PROVIDED ENTRIES>
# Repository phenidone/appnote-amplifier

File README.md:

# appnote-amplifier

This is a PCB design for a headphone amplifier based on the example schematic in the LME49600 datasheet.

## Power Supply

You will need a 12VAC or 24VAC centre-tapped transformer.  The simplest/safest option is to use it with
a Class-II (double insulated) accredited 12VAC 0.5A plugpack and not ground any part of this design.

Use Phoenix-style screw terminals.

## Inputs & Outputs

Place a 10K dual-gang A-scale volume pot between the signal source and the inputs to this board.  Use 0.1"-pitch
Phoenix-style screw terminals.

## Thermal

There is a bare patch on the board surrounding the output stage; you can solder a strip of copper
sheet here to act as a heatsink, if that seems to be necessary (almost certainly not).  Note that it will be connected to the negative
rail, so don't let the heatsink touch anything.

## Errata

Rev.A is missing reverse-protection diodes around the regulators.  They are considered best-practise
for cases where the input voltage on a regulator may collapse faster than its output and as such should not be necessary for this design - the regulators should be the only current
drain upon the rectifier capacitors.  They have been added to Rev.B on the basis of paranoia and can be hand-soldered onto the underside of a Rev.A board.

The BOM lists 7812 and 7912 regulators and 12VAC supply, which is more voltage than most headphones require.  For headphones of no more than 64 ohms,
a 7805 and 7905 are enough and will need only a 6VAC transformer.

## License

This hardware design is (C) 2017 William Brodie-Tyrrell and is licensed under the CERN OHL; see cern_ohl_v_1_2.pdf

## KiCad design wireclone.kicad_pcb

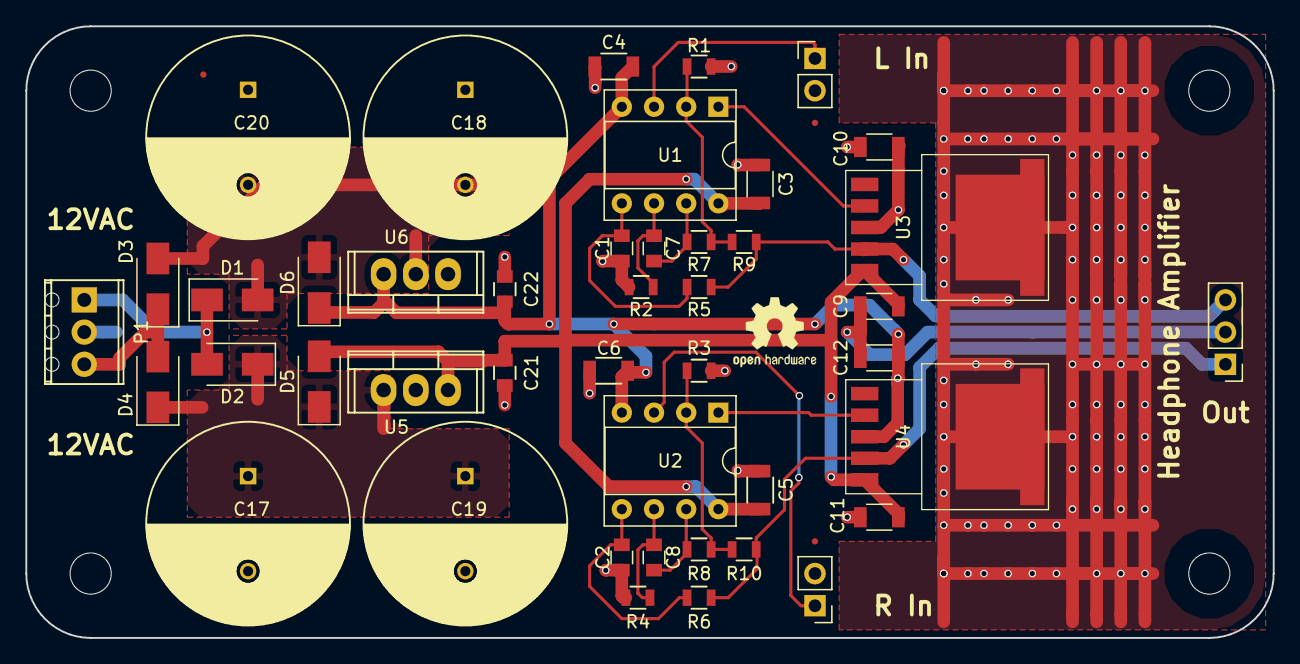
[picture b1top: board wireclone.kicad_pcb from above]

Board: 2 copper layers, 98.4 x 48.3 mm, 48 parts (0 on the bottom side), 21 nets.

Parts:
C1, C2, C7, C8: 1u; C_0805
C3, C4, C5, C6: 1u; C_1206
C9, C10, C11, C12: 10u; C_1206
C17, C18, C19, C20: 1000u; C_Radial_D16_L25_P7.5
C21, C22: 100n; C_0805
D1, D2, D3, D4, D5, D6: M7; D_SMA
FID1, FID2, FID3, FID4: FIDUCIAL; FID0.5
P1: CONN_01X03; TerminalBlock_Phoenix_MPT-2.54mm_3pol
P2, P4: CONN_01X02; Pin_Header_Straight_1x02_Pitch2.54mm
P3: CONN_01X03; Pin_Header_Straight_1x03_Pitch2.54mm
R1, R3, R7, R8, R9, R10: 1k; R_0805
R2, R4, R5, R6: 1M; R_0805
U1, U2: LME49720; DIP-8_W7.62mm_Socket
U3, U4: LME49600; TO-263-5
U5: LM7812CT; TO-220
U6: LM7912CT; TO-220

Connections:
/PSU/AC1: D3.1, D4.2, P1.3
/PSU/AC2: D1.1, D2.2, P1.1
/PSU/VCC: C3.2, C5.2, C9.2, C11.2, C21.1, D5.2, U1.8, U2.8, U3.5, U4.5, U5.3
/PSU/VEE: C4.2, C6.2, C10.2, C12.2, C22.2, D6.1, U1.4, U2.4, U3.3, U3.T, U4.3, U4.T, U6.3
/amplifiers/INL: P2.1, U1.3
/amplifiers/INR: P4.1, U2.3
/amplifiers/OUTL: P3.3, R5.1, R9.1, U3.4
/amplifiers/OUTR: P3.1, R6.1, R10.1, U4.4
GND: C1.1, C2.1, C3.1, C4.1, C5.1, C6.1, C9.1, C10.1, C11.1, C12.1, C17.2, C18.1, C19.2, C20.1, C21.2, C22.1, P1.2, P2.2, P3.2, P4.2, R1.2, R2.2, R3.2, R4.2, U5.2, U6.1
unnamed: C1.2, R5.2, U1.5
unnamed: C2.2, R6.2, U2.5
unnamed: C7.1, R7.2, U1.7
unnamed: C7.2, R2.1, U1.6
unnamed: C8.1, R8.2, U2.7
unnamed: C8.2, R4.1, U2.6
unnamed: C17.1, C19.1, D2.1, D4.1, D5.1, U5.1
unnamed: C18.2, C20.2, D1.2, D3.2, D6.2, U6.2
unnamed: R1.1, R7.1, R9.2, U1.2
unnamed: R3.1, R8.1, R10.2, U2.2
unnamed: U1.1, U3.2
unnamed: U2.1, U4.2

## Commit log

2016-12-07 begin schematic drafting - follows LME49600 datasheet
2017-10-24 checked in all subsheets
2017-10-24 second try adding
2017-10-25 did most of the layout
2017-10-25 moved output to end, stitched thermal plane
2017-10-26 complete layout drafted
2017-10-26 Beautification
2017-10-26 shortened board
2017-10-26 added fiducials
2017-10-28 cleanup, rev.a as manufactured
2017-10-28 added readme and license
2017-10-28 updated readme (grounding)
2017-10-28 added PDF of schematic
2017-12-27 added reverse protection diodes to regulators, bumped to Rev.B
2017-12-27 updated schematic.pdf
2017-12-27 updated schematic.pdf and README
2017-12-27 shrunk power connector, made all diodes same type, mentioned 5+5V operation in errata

WORK ORDER>
Where a line in the entries holds the word "unnamed", copy that line.

FINISHED TASK>
unnamed: C1.2, R5.2, U1.5
unnamed: C2.2, R6.2, U2.5
unnamed: C7.1, R7.2, U1.7
unnamed: C7.2, R2.1, U1.6
unnamed: C8.1, R8.2, U2.7
unnamed: C8.2, R4.1, U2.6
unnamed: C17.1, C19.1, D2.1, D4.1, D5.1, U5.1
unnamed: C18.2, C20.2, D1.2, D3.2, D6.2, U6.2
unnamed: R1.1, R7.1, R9.2, U1.2
unnamed: R3.1, R8.1, R10.2, U2.2
unnamed: U1.1, U3.2
unnamed: U2.1, U4.2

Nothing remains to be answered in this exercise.